Villagers in Tachileik District, eastern Shan State have had to relocate their homes as a result of negative environmental impact of gold mining on the area.
Some residents in Na Hai Long village, in Tar Lay sub-township, have said that sand and sediment—mining waste—deposited in streams, and subsequently into paddy fields, has made the risk of flooding to the area imminent and forced those with homes along the streams to move.
One local who had to move his home said that gold extraction is “getting worse every day.”
“I have a house in this village. I have a paddy field.
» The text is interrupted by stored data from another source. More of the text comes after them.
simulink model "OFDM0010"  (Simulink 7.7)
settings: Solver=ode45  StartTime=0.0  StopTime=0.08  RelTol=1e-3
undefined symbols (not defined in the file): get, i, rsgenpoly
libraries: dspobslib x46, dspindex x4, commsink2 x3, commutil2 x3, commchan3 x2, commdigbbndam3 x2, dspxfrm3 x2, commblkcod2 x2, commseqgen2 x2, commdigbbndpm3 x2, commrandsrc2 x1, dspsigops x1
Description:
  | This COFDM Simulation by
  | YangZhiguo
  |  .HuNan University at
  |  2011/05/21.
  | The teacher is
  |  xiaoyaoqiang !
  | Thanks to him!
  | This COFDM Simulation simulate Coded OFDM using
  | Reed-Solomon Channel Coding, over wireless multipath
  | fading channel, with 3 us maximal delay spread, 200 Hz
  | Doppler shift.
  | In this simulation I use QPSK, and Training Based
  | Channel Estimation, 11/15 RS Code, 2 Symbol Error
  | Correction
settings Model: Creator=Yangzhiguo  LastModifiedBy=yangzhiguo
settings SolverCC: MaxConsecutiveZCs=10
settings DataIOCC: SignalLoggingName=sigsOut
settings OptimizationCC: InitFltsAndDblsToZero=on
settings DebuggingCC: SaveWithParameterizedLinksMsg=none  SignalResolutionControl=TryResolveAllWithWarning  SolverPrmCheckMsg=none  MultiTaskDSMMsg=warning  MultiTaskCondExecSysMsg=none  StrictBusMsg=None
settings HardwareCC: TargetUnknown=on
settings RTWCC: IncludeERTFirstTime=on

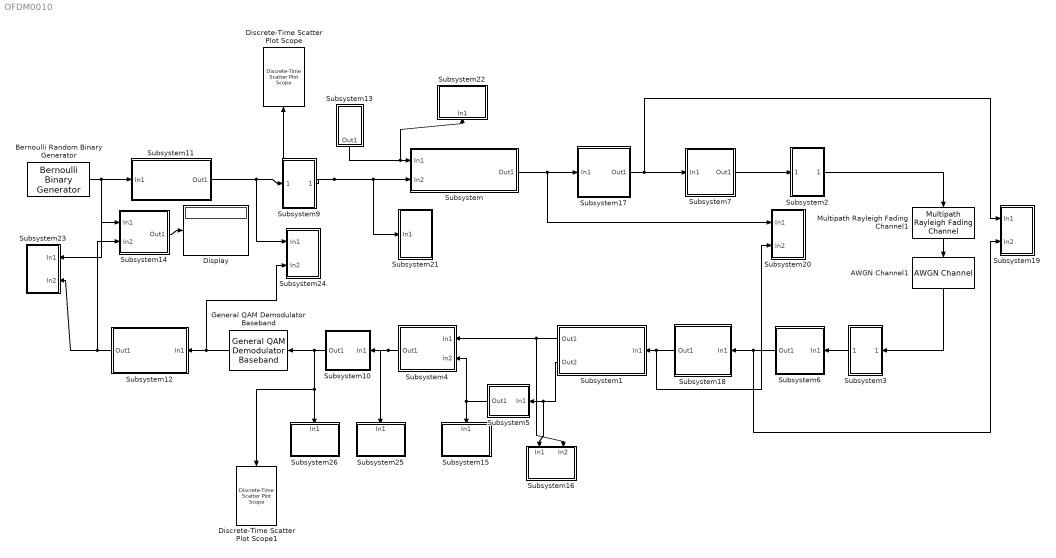
== system OFDM0010 ==
  AWGN Channel1 : commchan3/AWGN Channel  SystemSampleTime=-1  InputProcessing=Inherited (this choice will be removed - see release notes)  seed=32965  noiseMode="Signal to noise ratio  (SNR)"  EbNodB=10  EsNodB=28  SNRdB=-5  bitsPerSym=1  Ps=30/(5.5e5*11/15*2.4)*1.08  Tsym=80e-6  variance=1
  Bernoulli Random Binary Generator : commrandsrc2/Bernoulli Binary Generator  SystemSampleTime=-1  P=[0.5]  seed=9364248  Ts=16e-5/88/2  frameBased=on  sampPerFrame=88  orient=off  outDataType=double
  Discrete-Time Scatter Plot Scope : commsink2/Discrete-Time Scatter Plot Scope  Tag=ScatterPlot  SystemSampleTime=-1  sampPerSymb=1  offsetEye=0  numTraces=40  numNewFrames=40  LineMarkers=.  LineColors=b  fading=on  render=on  AxisGrid=on  xMin=-3.3  xMax=3.315  yMin=-3.3  yMax=3.315  inphaseLabel=In-phase Amplitude  quadratureLabel=Quadrature Amplitude  openScopeAtSimStart=on  FrameNumber=off  FigPos=get(0,'defaultfigureposition');  figTitle=Scatter Plot  numLinesMax=8  block_type_=scatter
  Discrete-Time Scatter Plot Scope1 : commsink2/Discrete-Time Scatter Plot Scope  Tag=ScatterPlot  SystemSampleTime=-1  sampPerSymb=1  offsetEye=0  numTraces=40  numNewFrames=40  LineMarkers=.  LineColors=b  fading=on  render=on  AxisGrid=on  xMin=-3.3  xMax=3.315  yMin=-3.3  yMax=3.315  inphaseLabel=In-phase Amplitude  quadratureLabel=Quadrature Amplitude  openScopeAtSimStart=on  FrameNumber=off  FigPos=get(0,'defaultfigureposition');  figTitle=Scatter Plot  numLinesMax=8  block_type_=scatter
  Display : Display
  General QAM Demodulator Baseband : commdigbbndam3/General QAM Demodulator Baseband  SigCon=[exp(2*pi*i*[0:15]/16)]  OutType=Bit  DecType=Hard decision  VarSource=Dialog  Variance=1  outDtypeBit=Inherit via internal rule  outDtype=Inherit via internal rule  roundingMode=Floor  overflowMode=Wrap  sigConstWordLen=16  accum1WordLen=32  accum1FracLen=30  prodInWordLen=32  prodInFracLen=30  prodOutWordLen=32  prodOutFracLen=30  accum2WordLen=32  accum2FracLen=30  accum3WordLen=32  accum3FracLen=30  nsiWordLen=32  nsiFracLen=30  invn0WordLen=16  invn0FracLen=8  outputWordLen=32  outputFracLen=30
  Multipath Rayleigh Fading Channel1 : commchan3/Multipath Rayleigh Fading Channel  SystemSampleTime=-1  maxDopplerShift=40  spectrumType=Jakes  sigmaGaussian=1/sqrt(2)  coeffRounded=[1 -1.72 0.785]  freqMinMaxRJakes=[0 1]  freqMinMaxAJakes=[0 1]  sigmaGaussian1=1/sqrt(2)  sigmaGaussian2=1/sqrt(2)  centerFreqGaussian1=0.0  centerFreqGaussian2=0.0  gainGaussian1=0.5  gainGaussian2=0.5  coeffBell=9  dopplerSpectrum=doppler.jakes  pathDelays=[0 2e-6]  avgPathGaindB=[0 -12]  normalizePathGains=on  seed=73  enableProbe=0  openVisAtStart=off  outPathGains=off  outDelay=off
  Subsystem : Subsystem
      mask Display: disp('OFDM Baseband\nModulator\ndan\nAdd Cyclic Prefix')
  Subsystem1 : Subsystem
      mask Display: disp('OFDM Baseband\nDemodulator\ndan \nRemove Cyclic prefix')
  Subsystem10 : Subsystem
      mask Display: disp('Remove\nZero')
  Subsystem11 : Subsystem
      mask Display: disp('RS(15,11) Encoder')
  Subsystem12 : Subsystem
      mask Display: disp('RS(15,11) Decoder')
  Subsystem13 : Subsystem
      mask Display: disp('Training')
  Subsystem14 : Subsystem
      mask Display: disp('SER\nCalculation')
  Subsystem15 : Subsystem
  Subsystem16 : Subsystem
  Subsystem17 : Subsystem
      mask Display: disp('Add\nCyclic Prefix')
  Subsystem18 : Subsystem
      mask Display: disp('Remove\nCyclic Prefix')
  Subsystem19 : Subsystem
  Subsystem2 : Subsystem
      mask Display: disp('P/S')
  Subsystem20 : Subsystem
  Subsystem21 : Subsystem
  Subsystem22 : Subsystem
  Subsystem23 : Subsystem
  Subsystem24 : Subsystem
  Subsystem25 : Subsystem
  Subsystem26 : Subsystem
  Subsystem3 : Subsystem
      mask Display: disp('S/P')
  Subsystem4 : Subsystem
      mask Display: disp('Channel\nCompensation')
  Subsystem5 : Subsystem
      mask Display: disp('Channel\nEstimator')
  Subsystem6 : Subsystem
      mask Display: disp('Training\nSeparation')
  Subsystem7 : Subsystem
      mask Display: disp('Training\nInsertion')
  Subsystem9 : Subsystem
      mask Display: disp('16QAM')
  wires:
  Bernoulli Random Binary Generator/1 -> Subsystem14/1(In1), Subsystem11/1(In1), Subsystem23/1(In1)
  Subsystem9/1(Out1) -> Subsystem/2(In2), Subsystem21/1(In1), Discrete-Time Scatter Plot Scope/1
  Subsystem13/1(Out1) -> Subsystem/1(In1), Subsystem22/1(In1)
  Subsystem12/1(Out1) -> Subsystem14/2(In2), Subsystem23/2(In2)
  Subsystem/1(Out1) -> Subsystem17/1(In1), Subsystem20/1(In1)
  Subsystem7/1(Out1) -> Subsystem2/1(In1)
  Subsystem6/1(Out1) -> Subsystem18/1(In1), Subsystem19/2(In2)
  Subsystem14/1(Out1) -> Display/1
  Subsystem3/1(Out1) -> Subsystem6/1(In1)
  Subsystem2/1(Out1) -> Multipath Rayleigh Fading Channel1/1
  Subsystem10/1(Out1) -> Subsystem26/1(In1), Discrete-Time Scatter Plot Scope1/1, General QAM Demodulator Baseband/1
  Multipath Rayleigh Fading Channel1/1 -> AWGN Channel1/1
  AWGN Channel1/1 -> Subsystem3/1(In1)
  Subsystem4/1(Out1) -> Subsystem10/1(In1), Subsystem25/1(In1)
  Subsystem1/1(Out1) -> Subsystem4/1(In1), Subsystem16/2(In2)
  Subsystem5/1(Out1) -> Subsystem4/2(In2), Subsystem15/1(In1)
  Subsystem1/2(Out2) -> Subsystem5/1(In1), Subsystem16/1(In1)
  Subsystem17/1(Out1) -> Subsystem7/1(In1), Subsystem19/1(In1)
  Subsystem18/1(Out1) -> Subsystem1/1(In1), Subsystem20/2(In2)
  General QAM Demodulator Baseband/1 -> Subsystem12/1(In1), Subsystem24/2(In2)
  Subsystem11/1(Out1) -> Subsystem24/1(In1), Subsystem9/1(In1)

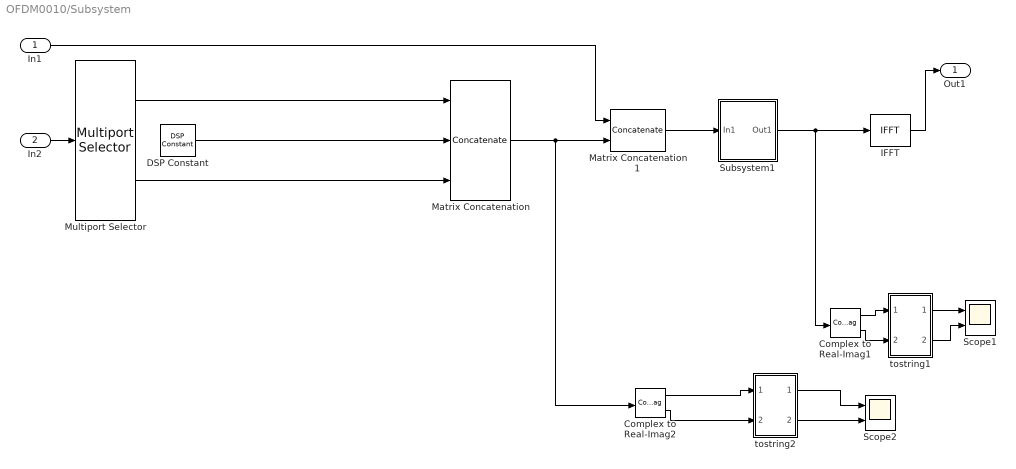
== system OFDM0010/Subsystem ==
  In1 : Inport
  In2 : Inport  Port=2
  Complex to Real-Imag1 : ComplexToRealImag
  Complex to Real-Imag2 : ComplexToRealImag
  DSP Constant : dspobslib/DSP Constant  SystemSampleTime=-1  Value=0  SampleMode=Discrete  discreteOutput=Frame-based  continuousOutput=Sample-based  sampTime=16e-5/2  framePeriod=16e-5/2  dataType=Inherit from 'Constant value'  isSigned=on  wordLen=16  udDataType=sfix(16)  fracBitsMode=Best precision  numFracBits=15  InterpretAs1D=off  Ts=16e-5/2  FramebasedOutput=on
  IFFT : dspxfrm3/IFFT  CompMethod=Table lookup  TableOpt=HYBRID  TableOptActive=Speed  BitRevOrder=off  cs_in=off  SkipNorm=on  InheritFFTLength=on  FFTLength=64  mode=Real  outSamplingMode=Frame based  RowConvenienceOn=on  firstCoeffDataTypeStr=Inherit: Same word length as input  firstCoeffLastDataTypeStr=Inherit: Same word length as input  outputMin=[]  outputMax=[]  roundingMode=Floor  overflowMode=off
  Matrix Concatenation : Concatenate  NumInputs=3  Mode=Multidimensional array
  Matrix Concatenation1 : Concatenate  Mode=Multidimensional array  ConcatenateDimension=2
  Multiport Selector : dspindex/Multiport Selector  rowsOrCols=Rows  idxCellArray={1:15,16:30}  idxErrMode=Clip Index
  Scope1 : Scope  NumInputPorts=2
      settings: YMin=-5~-5  YMax=5~5  SaveName=ScopeData5
  Scope2 : Scope  NumInputPorts=2
      settings: YMin=-5~-5  YMax=5~5  SaveName=ScopeData6
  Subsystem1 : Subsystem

We have had to relocate the house… and come back to work on our paddy field in the daytime,” he explained.
Local man Sai Liow said that the areas near the stream were no longer safe to live, and recalled a long community battle to stop gold mining around Nai Hai Long, which began in 2007.
His father, 54-year-old Loong Sarm, was shot dead by Burma Army soldiers in 2015, while he was trying to monitor the activities of the Loi Kham Long mining company. He was unarmed, but soldiers claimed they shot in self-defense. The Loi Kham Long company had been ordered by the government to stop mining the year before due to negative impacts on villagers’ health and farms, but had continued extracting gold.
Photos by – SHAN/
“We have demanded that the gold extraction stop. My father sacrificed his life for it. The government hasn’t taken action against it,” Sai Liow told SHAN, adding that mining has continued and the demands of locals have been ignored. Respective authorities have not come to observe the situation on the ground, he said.
At the time of Loong Sarm’s death, villagers had only been compensated for around half of the hundreds of acres of farmland made unusable due to mining waste.
It was previously estimated that some nine companies were mining for gold in eastern Shan State, many operating without official permission to do so.